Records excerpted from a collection
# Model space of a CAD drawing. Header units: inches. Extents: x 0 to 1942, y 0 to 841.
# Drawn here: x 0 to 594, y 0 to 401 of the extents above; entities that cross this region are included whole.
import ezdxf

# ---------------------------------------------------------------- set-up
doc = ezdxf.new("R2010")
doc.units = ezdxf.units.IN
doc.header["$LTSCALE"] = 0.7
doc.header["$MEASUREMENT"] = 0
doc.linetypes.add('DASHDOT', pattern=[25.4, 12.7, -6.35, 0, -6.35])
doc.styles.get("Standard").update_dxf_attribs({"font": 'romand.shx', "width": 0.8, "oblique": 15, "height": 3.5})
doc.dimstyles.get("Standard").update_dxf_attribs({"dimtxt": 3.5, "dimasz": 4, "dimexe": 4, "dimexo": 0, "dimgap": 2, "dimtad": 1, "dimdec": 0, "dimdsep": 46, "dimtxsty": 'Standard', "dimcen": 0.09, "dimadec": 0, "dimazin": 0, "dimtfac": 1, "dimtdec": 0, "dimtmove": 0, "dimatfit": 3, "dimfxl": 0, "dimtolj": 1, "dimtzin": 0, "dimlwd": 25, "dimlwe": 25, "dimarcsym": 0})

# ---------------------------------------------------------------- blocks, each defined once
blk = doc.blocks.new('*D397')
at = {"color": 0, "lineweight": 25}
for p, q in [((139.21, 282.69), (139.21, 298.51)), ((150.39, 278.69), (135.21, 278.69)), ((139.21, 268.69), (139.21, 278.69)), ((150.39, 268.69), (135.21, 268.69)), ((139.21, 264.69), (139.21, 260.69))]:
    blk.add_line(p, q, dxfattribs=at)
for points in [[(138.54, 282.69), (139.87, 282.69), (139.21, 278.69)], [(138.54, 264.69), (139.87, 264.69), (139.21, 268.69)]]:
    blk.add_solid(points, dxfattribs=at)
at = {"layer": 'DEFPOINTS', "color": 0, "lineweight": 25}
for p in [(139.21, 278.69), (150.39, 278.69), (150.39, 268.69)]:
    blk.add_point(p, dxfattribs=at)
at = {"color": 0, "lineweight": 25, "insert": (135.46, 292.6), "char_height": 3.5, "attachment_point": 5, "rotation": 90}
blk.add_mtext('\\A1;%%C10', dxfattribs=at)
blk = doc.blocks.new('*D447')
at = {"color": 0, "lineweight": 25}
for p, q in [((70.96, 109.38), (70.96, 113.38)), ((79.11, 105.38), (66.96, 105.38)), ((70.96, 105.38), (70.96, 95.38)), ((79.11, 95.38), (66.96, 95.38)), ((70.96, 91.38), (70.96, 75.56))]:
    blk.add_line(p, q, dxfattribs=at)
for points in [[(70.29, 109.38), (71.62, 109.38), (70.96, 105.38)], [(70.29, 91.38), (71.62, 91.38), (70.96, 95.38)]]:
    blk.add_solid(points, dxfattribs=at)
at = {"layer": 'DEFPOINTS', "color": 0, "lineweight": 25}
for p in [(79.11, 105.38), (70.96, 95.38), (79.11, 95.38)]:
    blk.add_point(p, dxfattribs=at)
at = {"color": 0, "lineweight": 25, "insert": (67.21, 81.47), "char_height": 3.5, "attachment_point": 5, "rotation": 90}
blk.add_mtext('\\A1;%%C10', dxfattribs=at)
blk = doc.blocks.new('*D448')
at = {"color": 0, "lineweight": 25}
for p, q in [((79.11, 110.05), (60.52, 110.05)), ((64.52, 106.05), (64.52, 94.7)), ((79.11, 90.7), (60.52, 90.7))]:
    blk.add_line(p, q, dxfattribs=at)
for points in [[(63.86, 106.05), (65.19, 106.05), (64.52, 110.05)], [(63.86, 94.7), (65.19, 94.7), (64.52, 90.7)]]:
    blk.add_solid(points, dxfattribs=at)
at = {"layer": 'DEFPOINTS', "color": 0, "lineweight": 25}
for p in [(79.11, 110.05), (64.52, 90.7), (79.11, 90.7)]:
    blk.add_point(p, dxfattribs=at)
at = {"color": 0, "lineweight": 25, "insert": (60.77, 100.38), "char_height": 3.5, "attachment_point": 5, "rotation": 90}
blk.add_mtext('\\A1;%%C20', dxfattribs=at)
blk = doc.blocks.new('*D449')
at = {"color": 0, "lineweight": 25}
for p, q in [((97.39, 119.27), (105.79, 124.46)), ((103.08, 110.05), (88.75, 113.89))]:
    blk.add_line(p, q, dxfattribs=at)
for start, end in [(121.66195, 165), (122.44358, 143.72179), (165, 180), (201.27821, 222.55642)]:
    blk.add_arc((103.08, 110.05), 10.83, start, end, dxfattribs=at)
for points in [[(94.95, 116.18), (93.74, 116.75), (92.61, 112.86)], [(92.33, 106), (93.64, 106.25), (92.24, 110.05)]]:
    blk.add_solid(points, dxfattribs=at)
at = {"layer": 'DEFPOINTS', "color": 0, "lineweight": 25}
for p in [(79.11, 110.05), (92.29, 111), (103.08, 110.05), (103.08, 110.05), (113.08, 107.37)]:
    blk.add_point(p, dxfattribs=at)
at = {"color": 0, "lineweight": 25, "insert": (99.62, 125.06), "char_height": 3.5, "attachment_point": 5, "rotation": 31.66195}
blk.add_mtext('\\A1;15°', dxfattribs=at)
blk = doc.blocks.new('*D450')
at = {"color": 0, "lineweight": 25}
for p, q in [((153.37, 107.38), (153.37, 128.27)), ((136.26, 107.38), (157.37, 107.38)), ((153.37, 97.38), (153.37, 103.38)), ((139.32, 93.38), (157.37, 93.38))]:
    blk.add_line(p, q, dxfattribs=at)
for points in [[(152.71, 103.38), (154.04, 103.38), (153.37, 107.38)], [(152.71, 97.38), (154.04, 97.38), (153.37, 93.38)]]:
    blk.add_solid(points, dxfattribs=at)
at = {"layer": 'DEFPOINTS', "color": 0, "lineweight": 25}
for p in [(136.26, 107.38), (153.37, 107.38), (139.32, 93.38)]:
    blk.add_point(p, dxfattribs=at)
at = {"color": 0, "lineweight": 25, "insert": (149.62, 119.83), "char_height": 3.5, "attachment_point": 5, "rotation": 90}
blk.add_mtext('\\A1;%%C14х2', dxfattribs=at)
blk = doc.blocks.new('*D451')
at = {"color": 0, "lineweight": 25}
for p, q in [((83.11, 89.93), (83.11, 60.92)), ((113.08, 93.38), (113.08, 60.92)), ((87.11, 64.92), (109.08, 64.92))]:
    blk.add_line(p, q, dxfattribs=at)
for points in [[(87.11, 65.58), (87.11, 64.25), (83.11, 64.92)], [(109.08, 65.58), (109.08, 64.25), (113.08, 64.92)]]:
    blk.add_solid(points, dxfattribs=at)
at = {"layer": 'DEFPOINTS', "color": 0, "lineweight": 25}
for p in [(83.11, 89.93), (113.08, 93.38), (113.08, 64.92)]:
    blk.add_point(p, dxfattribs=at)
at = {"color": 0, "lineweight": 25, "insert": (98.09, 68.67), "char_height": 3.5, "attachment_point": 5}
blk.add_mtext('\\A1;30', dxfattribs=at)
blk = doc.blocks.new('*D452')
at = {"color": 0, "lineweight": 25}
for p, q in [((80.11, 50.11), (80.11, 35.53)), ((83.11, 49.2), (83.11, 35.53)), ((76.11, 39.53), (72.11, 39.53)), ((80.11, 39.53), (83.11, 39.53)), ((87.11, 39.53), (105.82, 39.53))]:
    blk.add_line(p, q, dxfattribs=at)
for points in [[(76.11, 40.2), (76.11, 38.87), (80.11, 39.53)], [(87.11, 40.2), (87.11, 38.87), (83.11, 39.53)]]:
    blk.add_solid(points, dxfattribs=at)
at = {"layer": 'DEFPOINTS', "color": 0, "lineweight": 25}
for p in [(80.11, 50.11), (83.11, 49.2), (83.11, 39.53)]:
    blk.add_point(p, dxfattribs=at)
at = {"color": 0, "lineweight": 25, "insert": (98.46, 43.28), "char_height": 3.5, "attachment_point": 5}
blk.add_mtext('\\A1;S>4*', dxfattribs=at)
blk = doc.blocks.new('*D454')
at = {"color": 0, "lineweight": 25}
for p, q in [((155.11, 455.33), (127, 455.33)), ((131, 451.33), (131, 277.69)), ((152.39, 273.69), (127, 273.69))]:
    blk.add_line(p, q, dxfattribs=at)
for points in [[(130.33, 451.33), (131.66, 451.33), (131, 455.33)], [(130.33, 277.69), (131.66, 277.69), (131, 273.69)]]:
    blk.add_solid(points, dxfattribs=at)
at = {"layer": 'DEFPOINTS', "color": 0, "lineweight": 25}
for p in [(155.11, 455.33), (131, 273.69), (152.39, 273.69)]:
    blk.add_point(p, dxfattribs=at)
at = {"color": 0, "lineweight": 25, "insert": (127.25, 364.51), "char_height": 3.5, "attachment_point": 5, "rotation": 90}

-- BRIEF --
Wherever a line of the entries holds the string "Standard", copy that line.

-- RESPONSE AREA --
doc.styles.get("Standard").update_dxf_attribs({"font": 'romand.shx', "width": 0.8, "oblique": 15, "height": 3.5})
doc.dimstyles.get("Standard").update_dxf_attribs({"dimtxt": 3.5, "dimasz": 4, "dimexe": 4, "dimexo": 0, "dimgap": 2, "dimtad": 1, "dimdec": 0, "dimdsep": 46, "dimtxsty": 'Standard', "dimcen": 0.09, "dimadec": 0, "dimazin": 0, "dimtfac": 1, "dimtdec": 0, "dimtmove": 0, "dimatfit": 3, "dimfxl": 0, "dimtolj": 1, "dimtzin": 0, "dimlwd": 25, "dimlwe": 25, "dimarcsym": 0})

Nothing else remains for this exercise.